* **DIRECTIONS FOR THIS TASK**: Scan the records below for the word "profile". Copy each line where it appears.

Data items
◇ ◇ ◇ ◇ ◇ ◇ ◇
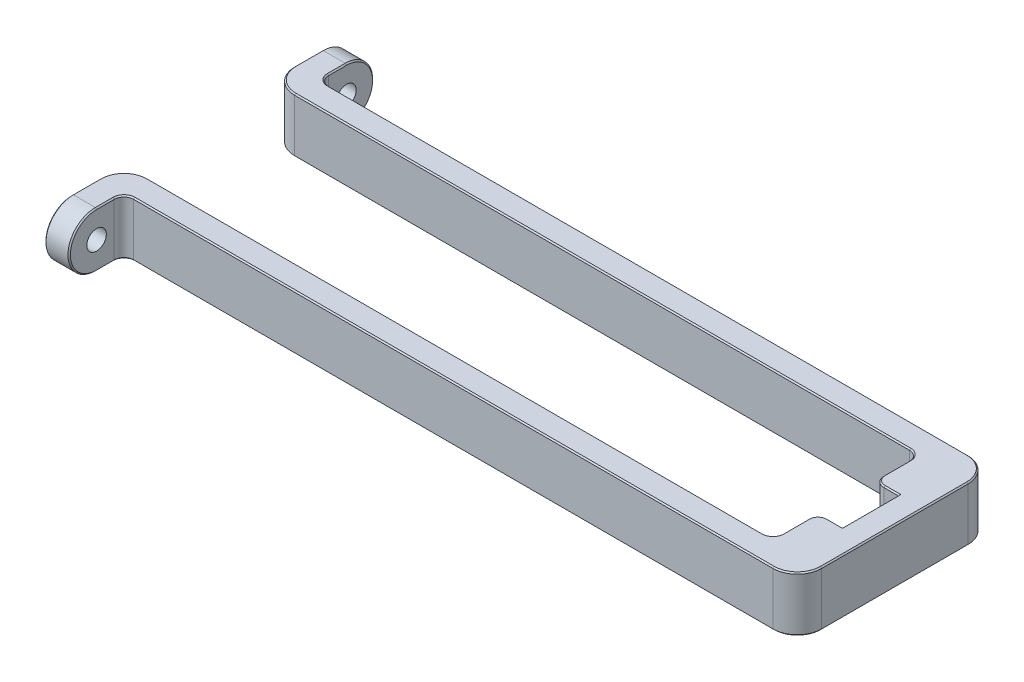
from build123d import *

# Parameters (mm, degrees)
EXTRUDE_1_DEPTH = 9
SKETCH_2_R      = 1.6
EXTRUDE_2_DEPTH = 4
FILLET_1_R      = 4
FILLET_2_R      = 1.6
CHAMFER_1_SIZE  = 0.2


with BuildPart() as part:
    # 草图1 → 凸台-拉伸1 (new body)
    with BuildSketch(Plane(origin=(0, 0, 0), x_dir=(1, 0, 0), z_dir=(0, 1, 0))):
        Polygon((106.5, 0), (0, 0), (0, -4), (114.5, -4), (114.5, 28), (0, 28), (0, 24), (106.5, 24), (106.5, 16.6), (110.5, 16.6), (110.5, 7.4), (106.5, 7.4), align=None)
    extrude(amount=EXTRUDE_1_DEPTH)

    # 草图2 → 凸台-拉伸2 (add)
    # profile 1 of 2: a face of its own
    with BuildSketch(Plane.ZY):
        with BuildLine():
            Line((8.5, 9), (4, 9))
            Line((4, 9), (4, 0))
            Line((4, 0), (8.5, 0))
            ThreePointArc((8.5, 0), (13, 4.5), (8.5, 9))
        make_face()
        with Locations((8.5, 4.5)):
            Circle(SKETCH_2_R, mode=Mode.SUBTRACT)
    # profile 2 of 2: a face of its own
    with BuildSketch(Plane.ZY):
        with BuildLine():
            Line((-28, 0), (-28, 9))
            Line((-28, 9), (-32.5, 9))
            ThreePointArc((-32.5, 9), (-37, 4.5), (-32.5, 0))
            Line((-32.5, 0), (-28, 0))
        make_face()
        with Locations((-32.5, 4.5)):
            Circle(SKETCH_2_R, mode=Mode.SUBTRACT)
    extrude(amount=-EXTRUDE_2_DEPTH)

    # 圆角1
    fillet_1_edges = [part.edges().sort_by_distance(p)[0] for p in [
        (0, 4.5, -24),
        (114.5, 4.5, -28),
        (114.5, 4.5, 4),
        (0, 4.5, 0),
    ]]
    fillet(fillet_1_edges, radius=FILLET_1_R)

    # 圆角2
    fillet_2_edges = [part.edges().sort_by_distance(p)[0] for p in [
        (106.5, 4.5, -16.6),
        (106.5, 4.5, -24),
        (106.5, 4.5, 0),
        (106.5, 4.5, -7.4),
        (4, 4.5, -28),
        (4, 4.5, 4),
    ]]
    fillet(fillet_2_edges, radius=FILLET_2_R)

    # 倒角1
    chamfer_1_edges = [part.edges().sort_by_distance(p)[0] for p in [
        (106.5, 0, -3.7),
        (106.5, 9, -3.7),
        (58.05, 0, -28),
        (58.05, 0, 4),
        (54.45, 0, 0),
        (106.5, 0, -20.3),
        (106.96862915, 0, -17.06862915),
        (106.96862915, 0, -6.93137085),
        (58.05, 9, -28),
        (4, 9, -31.05),
        (106.5, 9, -20.3),
        (54.45, 9, 0),
        (4, 9, 7.05),
        (58.05, 9, 4),
        (106.96862915, 9, -17.06862915),
        (106.96862915, 9, -6.93137085),
        (109.3, 9, -7.4),
        (106.03137085, 0, -0.46862915),
        (106.03137085, 9, -0.46862915),
        (4.46862915, 9, 4.46862915),
        (4.46862915, 0, 4.46862915),
        (4.46862915, 0, -28.46862915),
        (4.46862915, 9, -28.46862915),
        (106.03137085, 0, -23.53137085),
        (106.03137085, 9, -23.53137085),
        (109.3, 0, -7.4),
        (110.5, 0, -12),
        (109.3, 0, -16.6),
        (109.3, 9, -16.6),
        (0, 4.5, -37),
        (4, 0, -31.05),
        (4, 4.5, -37),
        (4, 4.5, 13),
        (4, 0, 7.05),
        (0, 4.5, 13),
        (54.45, 0, -24),
        (0, 0, -30.25),
        (114.5, 0, -12),
        (0, 0, 6.25),
        (1.171572875, 0, -25.171572875),
        (1.171572875, 0, 1.171572875),
        (113.328427125, 0, 2.828427125),
        (113.328427125, 0, -26.828427125),
        (114.5, 9, -12),
        (110.5, 9, -12),
        (0, 9, 6.25),
        (0, 9, -30.25),
        (54.45, 9, -24),
        (1.171572875, 9, -25.171572875),
        (1.171572875, 9, 1.171572875),
        (113.328427125, 9, 2.828427125),
        (113.328427125, 9, -26.828427125),
    ]]
    chamfer(chamfer_1_edges, length=CHAMFER_1_SIZE)


solid = part.part
◇ ◇ ◇ ◇ ◇ ◇ ◇
* **SOLVED EXERCISE**:
    # profile 1 of 2: a face of its own
    # profile 2 of 2: a face of its own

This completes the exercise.